Aim of the task: In the reply, include exactly the lines of the entries below from the first to the line with "#6367 = CARTESIAN_POINT", that line included.

Data shown:
*** Block opens ***
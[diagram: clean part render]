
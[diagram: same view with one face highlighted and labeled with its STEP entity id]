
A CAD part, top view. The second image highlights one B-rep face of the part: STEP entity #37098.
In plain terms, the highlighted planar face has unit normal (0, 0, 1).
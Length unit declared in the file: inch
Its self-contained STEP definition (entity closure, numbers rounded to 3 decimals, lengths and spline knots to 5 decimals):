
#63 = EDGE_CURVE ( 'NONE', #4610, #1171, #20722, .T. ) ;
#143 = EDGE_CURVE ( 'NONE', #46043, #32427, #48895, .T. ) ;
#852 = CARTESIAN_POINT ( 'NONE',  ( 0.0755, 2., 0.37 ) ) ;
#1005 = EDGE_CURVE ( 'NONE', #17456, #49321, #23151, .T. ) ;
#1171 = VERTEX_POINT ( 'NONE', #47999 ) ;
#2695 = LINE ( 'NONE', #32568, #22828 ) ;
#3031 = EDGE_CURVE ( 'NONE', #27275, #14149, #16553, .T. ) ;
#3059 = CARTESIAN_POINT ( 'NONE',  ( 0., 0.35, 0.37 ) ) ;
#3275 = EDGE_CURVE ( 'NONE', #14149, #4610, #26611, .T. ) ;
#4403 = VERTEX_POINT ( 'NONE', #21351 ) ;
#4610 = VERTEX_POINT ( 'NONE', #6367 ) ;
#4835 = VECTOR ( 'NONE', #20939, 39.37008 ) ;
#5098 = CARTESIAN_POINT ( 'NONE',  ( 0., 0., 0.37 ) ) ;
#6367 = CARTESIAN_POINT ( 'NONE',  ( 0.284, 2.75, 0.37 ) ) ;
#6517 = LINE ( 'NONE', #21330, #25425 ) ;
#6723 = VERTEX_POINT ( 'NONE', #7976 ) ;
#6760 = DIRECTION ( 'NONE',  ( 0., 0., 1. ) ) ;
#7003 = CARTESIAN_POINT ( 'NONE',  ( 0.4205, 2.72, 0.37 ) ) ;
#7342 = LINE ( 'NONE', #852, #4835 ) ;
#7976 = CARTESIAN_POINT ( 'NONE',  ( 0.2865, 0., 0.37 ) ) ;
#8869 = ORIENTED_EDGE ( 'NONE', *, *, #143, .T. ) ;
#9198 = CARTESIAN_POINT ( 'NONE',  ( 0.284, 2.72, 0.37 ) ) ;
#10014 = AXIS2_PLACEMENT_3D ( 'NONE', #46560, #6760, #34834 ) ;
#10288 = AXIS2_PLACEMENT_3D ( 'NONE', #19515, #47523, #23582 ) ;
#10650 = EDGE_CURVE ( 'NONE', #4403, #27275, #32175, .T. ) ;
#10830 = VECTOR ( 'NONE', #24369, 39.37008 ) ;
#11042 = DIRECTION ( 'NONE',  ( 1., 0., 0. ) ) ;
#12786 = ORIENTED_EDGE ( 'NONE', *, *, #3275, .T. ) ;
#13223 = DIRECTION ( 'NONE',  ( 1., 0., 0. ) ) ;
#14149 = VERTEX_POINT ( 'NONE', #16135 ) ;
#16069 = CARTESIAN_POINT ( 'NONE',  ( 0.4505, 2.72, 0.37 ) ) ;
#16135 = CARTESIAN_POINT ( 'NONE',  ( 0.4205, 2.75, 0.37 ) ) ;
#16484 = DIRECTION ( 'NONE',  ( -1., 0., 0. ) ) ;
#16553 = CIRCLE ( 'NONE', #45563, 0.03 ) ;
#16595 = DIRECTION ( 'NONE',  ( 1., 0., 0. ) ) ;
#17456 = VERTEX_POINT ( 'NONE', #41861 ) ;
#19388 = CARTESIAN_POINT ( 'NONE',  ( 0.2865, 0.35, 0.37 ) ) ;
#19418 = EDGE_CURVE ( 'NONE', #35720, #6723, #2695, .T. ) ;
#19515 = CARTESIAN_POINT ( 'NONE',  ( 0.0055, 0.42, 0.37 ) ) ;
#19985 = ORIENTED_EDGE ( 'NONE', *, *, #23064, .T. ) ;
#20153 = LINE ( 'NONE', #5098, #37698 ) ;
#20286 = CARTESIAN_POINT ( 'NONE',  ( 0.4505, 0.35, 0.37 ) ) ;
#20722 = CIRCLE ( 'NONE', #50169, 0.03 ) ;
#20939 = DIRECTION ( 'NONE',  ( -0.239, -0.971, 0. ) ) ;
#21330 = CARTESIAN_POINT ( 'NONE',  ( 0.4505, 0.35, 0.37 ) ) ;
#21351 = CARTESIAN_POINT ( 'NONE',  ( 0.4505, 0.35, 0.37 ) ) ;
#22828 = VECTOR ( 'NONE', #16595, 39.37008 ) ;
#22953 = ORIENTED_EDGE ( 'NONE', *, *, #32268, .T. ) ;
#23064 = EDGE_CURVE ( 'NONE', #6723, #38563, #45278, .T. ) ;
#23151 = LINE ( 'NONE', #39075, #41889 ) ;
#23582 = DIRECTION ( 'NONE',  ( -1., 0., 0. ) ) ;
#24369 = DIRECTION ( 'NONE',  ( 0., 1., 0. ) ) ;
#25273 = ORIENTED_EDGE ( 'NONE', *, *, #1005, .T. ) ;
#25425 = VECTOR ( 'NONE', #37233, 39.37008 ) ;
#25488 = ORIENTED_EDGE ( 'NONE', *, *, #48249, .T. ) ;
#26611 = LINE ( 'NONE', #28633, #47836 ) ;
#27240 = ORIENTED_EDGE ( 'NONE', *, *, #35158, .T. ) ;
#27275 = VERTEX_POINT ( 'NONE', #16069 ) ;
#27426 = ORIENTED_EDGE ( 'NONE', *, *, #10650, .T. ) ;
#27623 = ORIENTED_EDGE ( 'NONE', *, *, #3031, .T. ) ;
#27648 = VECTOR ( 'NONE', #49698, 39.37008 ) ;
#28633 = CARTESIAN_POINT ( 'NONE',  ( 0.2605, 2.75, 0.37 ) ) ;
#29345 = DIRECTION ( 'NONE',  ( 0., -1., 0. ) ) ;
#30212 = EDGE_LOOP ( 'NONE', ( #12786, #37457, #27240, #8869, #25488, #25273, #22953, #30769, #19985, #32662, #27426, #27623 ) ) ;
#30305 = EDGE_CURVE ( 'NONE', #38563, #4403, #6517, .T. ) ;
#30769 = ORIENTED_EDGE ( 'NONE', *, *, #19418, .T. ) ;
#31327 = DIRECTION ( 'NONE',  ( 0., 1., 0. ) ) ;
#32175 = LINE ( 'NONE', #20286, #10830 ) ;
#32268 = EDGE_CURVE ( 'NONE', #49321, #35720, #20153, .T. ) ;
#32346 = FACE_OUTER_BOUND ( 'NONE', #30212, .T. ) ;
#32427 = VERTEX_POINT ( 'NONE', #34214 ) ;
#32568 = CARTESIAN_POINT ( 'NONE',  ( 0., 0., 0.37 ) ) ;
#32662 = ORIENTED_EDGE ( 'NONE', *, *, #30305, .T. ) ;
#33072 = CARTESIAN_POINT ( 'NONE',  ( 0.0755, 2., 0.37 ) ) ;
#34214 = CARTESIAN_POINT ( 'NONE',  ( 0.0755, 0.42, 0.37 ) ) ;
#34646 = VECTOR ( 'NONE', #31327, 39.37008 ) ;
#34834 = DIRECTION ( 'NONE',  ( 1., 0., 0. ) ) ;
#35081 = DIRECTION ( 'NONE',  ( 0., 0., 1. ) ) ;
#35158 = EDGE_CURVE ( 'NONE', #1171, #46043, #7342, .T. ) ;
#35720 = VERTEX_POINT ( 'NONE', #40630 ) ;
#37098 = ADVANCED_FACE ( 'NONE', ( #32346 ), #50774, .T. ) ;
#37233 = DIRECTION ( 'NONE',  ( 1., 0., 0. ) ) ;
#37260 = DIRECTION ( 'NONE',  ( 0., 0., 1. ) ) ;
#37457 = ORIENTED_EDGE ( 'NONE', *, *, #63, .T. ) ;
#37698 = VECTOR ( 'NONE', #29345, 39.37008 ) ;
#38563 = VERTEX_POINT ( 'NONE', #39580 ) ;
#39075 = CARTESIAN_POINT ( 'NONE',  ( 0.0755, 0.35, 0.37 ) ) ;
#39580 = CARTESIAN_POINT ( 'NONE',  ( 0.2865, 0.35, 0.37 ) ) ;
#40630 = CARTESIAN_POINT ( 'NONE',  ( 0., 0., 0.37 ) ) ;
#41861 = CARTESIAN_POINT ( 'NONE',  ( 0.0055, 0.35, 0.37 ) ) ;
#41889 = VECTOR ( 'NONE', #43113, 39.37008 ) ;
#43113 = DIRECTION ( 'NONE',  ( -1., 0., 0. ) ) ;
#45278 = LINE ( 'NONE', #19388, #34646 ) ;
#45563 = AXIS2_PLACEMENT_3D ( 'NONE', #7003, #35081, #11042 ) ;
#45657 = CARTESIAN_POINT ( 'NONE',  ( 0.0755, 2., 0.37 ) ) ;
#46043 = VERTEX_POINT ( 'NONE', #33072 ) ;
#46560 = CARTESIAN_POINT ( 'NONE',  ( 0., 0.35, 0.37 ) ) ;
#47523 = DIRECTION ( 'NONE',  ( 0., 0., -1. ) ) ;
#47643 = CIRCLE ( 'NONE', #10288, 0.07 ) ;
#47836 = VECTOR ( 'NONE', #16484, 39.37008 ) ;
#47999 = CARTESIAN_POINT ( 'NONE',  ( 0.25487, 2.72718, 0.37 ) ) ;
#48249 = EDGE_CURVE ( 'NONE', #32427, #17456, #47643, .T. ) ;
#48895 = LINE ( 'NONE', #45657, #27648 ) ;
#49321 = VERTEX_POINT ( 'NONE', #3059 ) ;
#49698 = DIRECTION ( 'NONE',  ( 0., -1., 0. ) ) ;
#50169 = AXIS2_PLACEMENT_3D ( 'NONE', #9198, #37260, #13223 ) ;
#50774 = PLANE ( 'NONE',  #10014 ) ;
*** Block closes ***
Answer to this exercise:
[diagram: clean part render]
[diagram: same view with one face highlighted and labeled with its STEP entity id]
A CAD part, top view. The second image highlights one B-rep face of the part: STEP entity #37098.
In plain terms, the highlighted planar face has unit normal (0, 0, 1).
Length unit declared in the file: inch
Its self-contained STEP definition (entity closure, numbers rounded to 3 decimals, lengths and spline knots to 5 decimals):
#63 = EDGE_CURVE ( 'NONE', #4610, #1171, #20722, .T. ) ;
#143 = EDGE_CURVE ( 'NONE', #46043, #32427, #48895, .T. ) ;
#852 = CARTESIAN_POINT ( 'NONE',  ( 0.0755, 2., 0.37 ) ) ;
#1005 = EDGE_CURVE ( 'NONE', #17456, #49321, #23151, .T. ) ;
#1171 = VERTEX_POINT ( 'NONE', #47999 ) ;
#2695 = LINE ( 'NONE', #32568, #22828 ) ;
#3031 = EDGE_CURVE ( 'NONE', #27275, #14149, #16553, .T. ) ;
#3059 = CARTESIAN_POINT ( 'NONE',  ( 0., 0.35, 0.37 ) ) ;
#3275 = EDGE_CURVE ( 'NONE', #14149, #4610, #26611, .T. ) ;
#4403 = VERTEX_POINT ( 'NONE', #21351 ) ;
#4610 = VERTEX_POINT ( 'NONE', #6367 ) ;
#4835 = VECTOR ( 'NONE', #20939, 39.37008 ) ;
#5098 = CARTESIAN_POINT ( 'NONE',  ( 0., 0., 0.37 ) ) ;
#6367 = CARTESIAN_POINT ( 'NONE',  ( 0.284, 2.75, 0.37 ) ) ;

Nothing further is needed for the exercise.